If you want to find out more about the car industry in Germany, you should listen to the talks at the main tables or in the coffee kitchens. It was not that long ago that you just had to suggest that you think about buying a new car to trigger intense discussions about this and that technical sophistication.

Today, less and less pride resonates with the undertone when mentioning the choice for the more powerful engine or the next larger car class. "Consumption is much lower!" is rather a common argument. And it almost sounds like an apology. No question: the image of the car in society has changed.

How painful the development in the executive floors of the car companies is perceived, can be seen in the speech by VW CEO Herbert Diess on the International Suppliers Fair on Tuesday in Wolfsburg. "The campaign against the individual mobility and thus against the car takes existence-threatening proportions," scolded the manager - to then fall into the threat.

"If you look at former high-rise cars like Detroit (Oxford, Cowley, Oxford) or Torino (Fiat), you know what happens to cities where once-powerful corporations and leading industries falter," Diess said. A few days ago he had already warned that hundreds of thousands of German jobs were at stake.

The rage speech from Diess is remarkable.
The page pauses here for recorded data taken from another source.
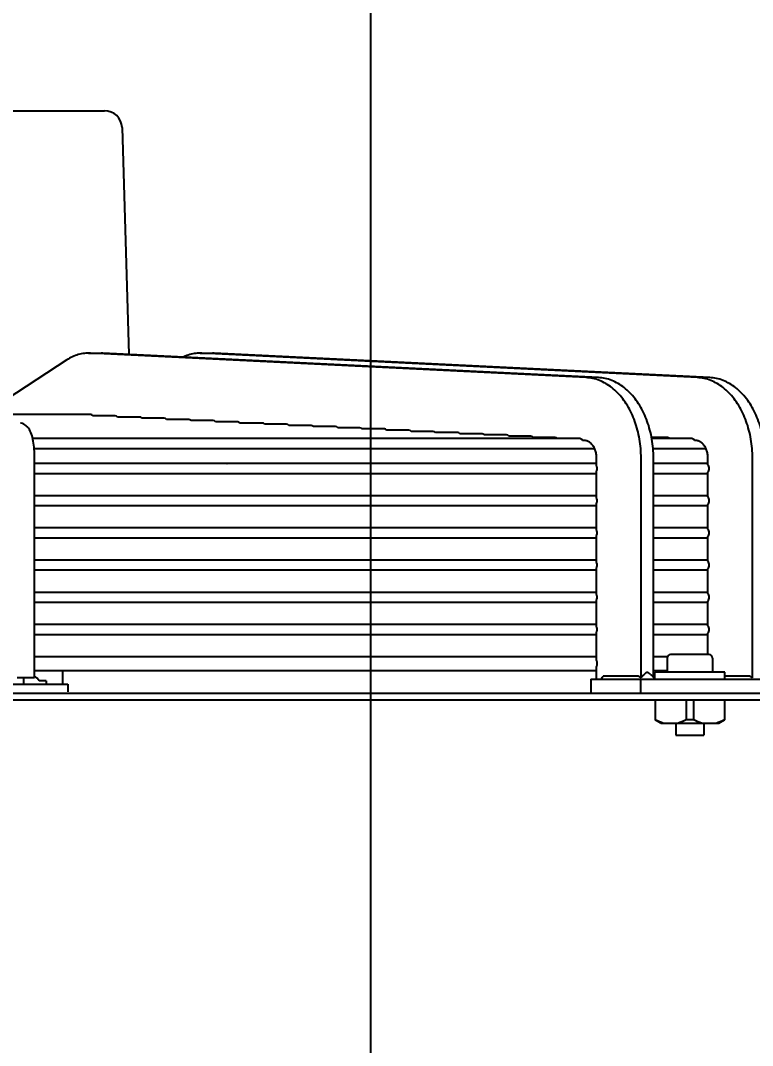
# Model space of a CAD drawing. Header units: millimetres. Extents: x 17891 to 32328, y 18593 to 29476.
# Drawn here: x 17979.36 to 17987.6, y 18980.17 to 18991.71 of the extents above; entities that cross this region are included whole.
import ezdxf

# ---------------------------------------------------------------- set-up
doc = ezdxf.new("R2010")
doc.units = ezdxf.units.MM
doc.header["$LTSCALE"] = 5
doc.layers.add('UNIT', color=6, linetype='Continuous')
doc.layers.add('WS-NO-CONTROL', color=3, linetype='Continuous')
doc.styles.add('SUBMITTAL', font='romans.shx', dxfattribs={"width": 0.75})
doc.dimstyles.new('SUBMITTAL', dxfattribs={"dimtxt": 0.09375, "dimasz": 0.09375, "dimexe": 0.03125, "dimexo": 0.0625, "dimgap": 0.0625, "dimtad": 0, "dimdec": 4, "dimzin": 4, "dimdsep": 46, "dimlunit": 4, "dimtxsty": 'SUBMITTAL', "dimcen": 0.09375, "dimclre": 6, "dimadec": 0, "dimazin": 0, "dimtfac": 1, "dimtdec": 0, "dimtofl": 0, "dimtmove": 0, "dimatfit": 3, "dimfxl": 0, "dimfrac": 2, "dimtolj": 1, "dimtzin": 4, "dimarcsym": 0})

# ---------------------------------------------------------------- blocks, each defined once
blk = doc.blocks.new('*D72')
at = {"layer": 'WS-NO-CONTROL', "color": 6, "lineweight": -2}
for p, q in [((17947.667, 18976.129), (17947.667, 19017.259)), ((18005.818, 18975.861), (18005.818, 19017.259))]:
    blk.add_line(p, q, dxfattribs=at)
at = {"layer": 'WS-NO-CONTROL', "color": 3, "lineweight": -2}
for p, q in [((17947.667, 19014.442), (17942.738, 19014.442)), ((18000.888, 19014.442), (17952.596, 19014.442))]:
    blk.add_line(p, q, dxfattribs=at)
at = {"layer": 'WS-NO-CONTROL', "color": 3}
for points in [[(17952.596, 19015.263), (17952.596, 19013.62), (17947.667, 19014.442)], [(18000.888, 19015.263), (18000.888, 19013.62), (18005.818, 19014.442)]]:
    blk.add_solid(points, dxfattribs=at)
at = {"layer": 'WS-NO-CONTROL', "color": 3, "insert": (17923.988, 19014.442), "char_height": 4.9294, "attachment_point": 5, "style": 'SUBMITTAL'}
blk.add_mtext('\\A1;4\'-10 1/8"', dxfattribs=at)
blk = doc.blocks.new('*D73')
at = {"layer": 'WS-NO-CONTROL', "color": 6, "lineweight": -2}
for p, q in [((17947.667, 18976.129), (17947.667, 19003.663)), ((17983.304, 18975.861), (17983.304, 19003.663))]:
    blk.add_line(p, q, dxfattribs=at)
at = {"layer": 'WS-NO-CONTROL', "color": 3, "lineweight": -2}
for p, q in [((17947.667, 19000.846), (17942.738, 19000.846)), ((17978.375, 19000.846), (17952.596, 19000.846))]:
    blk.add_line(p, q, dxfattribs=at)
at = {"layer": 'WS-NO-CONTROL', "color": 3}
for points in [[(17952.596, 19001.667), (17952.596, 19000.024), (17947.667, 19000.846)], [(17978.375, 19001.667), (17978.375, 19000.024), (17983.304, 19000.846)]]:
    blk.add_solid(points, dxfattribs=at)
at = {"layer": 'WS-NO-CONTROL', "color": 3, "insert": (17923.988, 19000.846), "char_height": 4.9294, "attachment_point": 5, "style": 'SUBMITTAL'}
blk.add_mtext('\\A1;2\'-11 5/8"', dxfattribs=at)

msp = doc.modelspace()

# ---------------------------------------------------------------- linework, layer by layer
at = {"layer": 'UNIT'}
for p, q in [((17970.2295, 18990.6942), (17980.3088, 18990.6942)), ((17980.5056, 18990.5034), (17980.5835, 18987.9508)), ((17980.1303, 18987.9657), (17980.2695, 18987.9657)), ((17985.7255, 18987.6907), (17980.1507, 18987.9653)), ((17985.8647, 18987.6907), (17980.2899, 18987.9653)), ((17981.3831, 18987.9657), (17981.5223, 18987.9657)), ((17986.9782, 18987.6907), (17981.4034, 18987.9653)), ((17987.1174, 18987.6907), (17981.5426, 18987.9653)), ((17979.8842, 18987.8889), (17978.9473, 18987.2749)), ((17980.1534, 18987.2749), (17978.6478, 18987.2749)), ((17980.4294, 18987.2601), (17980.1802, 18987.2601)), ((17980.7052, 18987.2466), (17980.4551, 18987.2466)), ((17980.9808, 18987.2331), (17980.7309, 18987.2331)), ((17981.2563, 18987.2196), (17981.0065, 18987.2196)), ((17981.5316, 18987.2061), (17981.2819, 18987.2061)), ((17981.8069, 18987.1926), (17981.5573, 18987.1926)), ((17982.082, 18987.1792), (17981.8325, 18987.1792)), ((17982.3571, 18987.1657), (17982.1077, 18987.1657)), ((17982.6321, 18987.1522), (17982.3827, 18987.1522)), ((17982.907, 18987.1387), (17982.6577, 18987.1387)), ((17983.1819, 18987.1252), (17982.9326, 18987.1252)), ((17983.4567, 18987.1117), (17983.2075, 18987.1117)), ((17983.7314, 18987.0982), (17983.4823, 18987.0982)), ((17985.6535, 18987.0037), (17979.5012, 18987.0037)), ((17984.0061, 18987.0847), (17983.757, 18987.0847)), ((17984.2808, 18987.0712), (17984.0317, 18987.0712)), ((17984.5554, 18987.0577), (17984.3064, 18987.0577)), ((17984.83, 18987.0442), (17984.581, 18987.0442)), ((17985.1045, 18987.0307), (17984.8556, 18987.0307)), ((17985.379, 18987.0172), (17985.1301, 18987.0172)), ((17985.708, 18986.9824), (17985.6837, 18986.9836)), ((17986.6398, 18987.0172), (17986.4615, 18987.0172)), ((17986.9141, 18987.0037), (17986.464, 18987.0037)), ((17986.9608, 18986.9824), (17986.9445, 18986.9832)), ((17979.5182, 18986.8935), (17985.8198, 18986.8935)), ((17986.4783, 18986.8935), (17987.0725, 18986.8935)), ((17979.523, 18984.3163), (17979.523, 18986.7856)), ((17985.8426, 18986.6965), (17985.8426, 18986.7856)), ((17986.3437, 18984.3128), (17986.3437, 18986.7856)), ((17986.4828, 18984.3163), (17986.4828, 18986.7856)), ((17987.0953, 18986.7089), (17987.0953, 18986.7856)), ((17987.5964, 18984.3128), (17987.5964, 18986.7856)), ((17985.8426, 18986.7218), (17979.523, 18986.7218)), ((17979.8003, 18986.7232), (17979.8003, 18986.7218)), ((17980.5499, 18986.7232), (17980.5478, 18986.7218)), ((17980.6891, 18986.7232), (17980.687, 18986.7218)), ((17981.7685, 18986.7232), (17981.7656, 18986.7218)), ((17985.8426, 18986.3343), (17985.8426, 18986.6368)), ((17987.0953, 18986.7218), (17986.4828, 18986.7218)), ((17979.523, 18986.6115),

Scenarios of imminent collapse are usually not part of the repertoire of the sober and serene manager.

This is in some respects quite right: The structural change, which is imminent to the industry with the turn to electric propulsion, in itself has so many uncertainties and dislocations that hardly leaves room for other problems.

And he would be hard to manage if the money for the necessary development work is missing - which, moreover, extends far beyond the single car. The key words here are the batteries, the power supply and the charging infrastructure.

The money for such innovations must still be earned in the next few years with the cars that are on the road with conventional gasoline and diesel engines. It also takes time to build a system that meets the high standards of our mobility-oriented society.

Strict limits

But it is precisely this society that has developed an impatience that drives industry to despair. Between 2021 and 2030, according to the EU's environment ministers, car emissions of carbon dioxide will be reduced by another 35 percent. German Environment Minister Svenja Schulze makes no secret that she would have agreed to even stricter limits.

Added to this is the case with nitric oxide, which has been perceived as a threat in a whole new dimension since the disclosure of the diesel scandal by US environmentalists. And although the NO2 pollution has steadily declined since 1995 (see chart), environmental activists may call diesel drivers "poison gas murderers" without causing much public opposition.

Federal Environment Agency

Nitrogen Oxides 1990 - 2015 UBA

A sober, factual discussion on the topic is no longer possible, as evidenced by the debate on retrofitting older diesel vehicles at the expense of the auto industry and on exchange premiums as an incentive to purchase state-of-the-art vehicles.

The fact that the older Euro 5 cars are regularly registered, plays no role in the public debate. Neither the argument that the old cars could probably still be used up if enough modern diesel would provide for the corresponding reduction of the total NO2 emissions.

The bad reputation of diesel vehicles is still problematic for another reason. Without the fuel-efficient, but NO2-emitting diesel, the new CO2 target can certainly not be achieved. Unless the manufacturers succeed in delivering a third of their fleet of electric motors soon - which seems utopian.

Scandals make you untrustworthy

This would still not solve the CO2 problem - also in this point Diess - still. A high proportion of e-vehicles would initially worsen the environmental balance, because electricity is still generated to a large extent from coal. Only when the share of renewable energy continues to increase, electric cars become cleaner.

That Diess and his colleagues can not penetrate with such arguments, they can not blame the car critics. For it is the automakers who blame the loss of image, especially Volkswagen. They have made themselves unbelievable - through fraud and manipulation in the exhaust gas cleaning, by common agreements that no one with particularly clean cars vorprescht, by halting tactics in the investigation of the whole process and by the knickrige treatment of many victims of the diesel affair.

And the bad news does not stop. Only on Monday investigators searched the offices and development departments of Opel on suspicion of exhaust manipulation of 95,000 cars. Various prosecutors are still investigating Daimler, VW, Porsche, Audi and BMW.

An industry that makes so many bad headlines should not be surprised if society perceives it as a threat rather than a prosperity keeper.

And the corporate executives should not be surprised if their arguments are regularly branded as lies, although arguing with them would be worthwhile.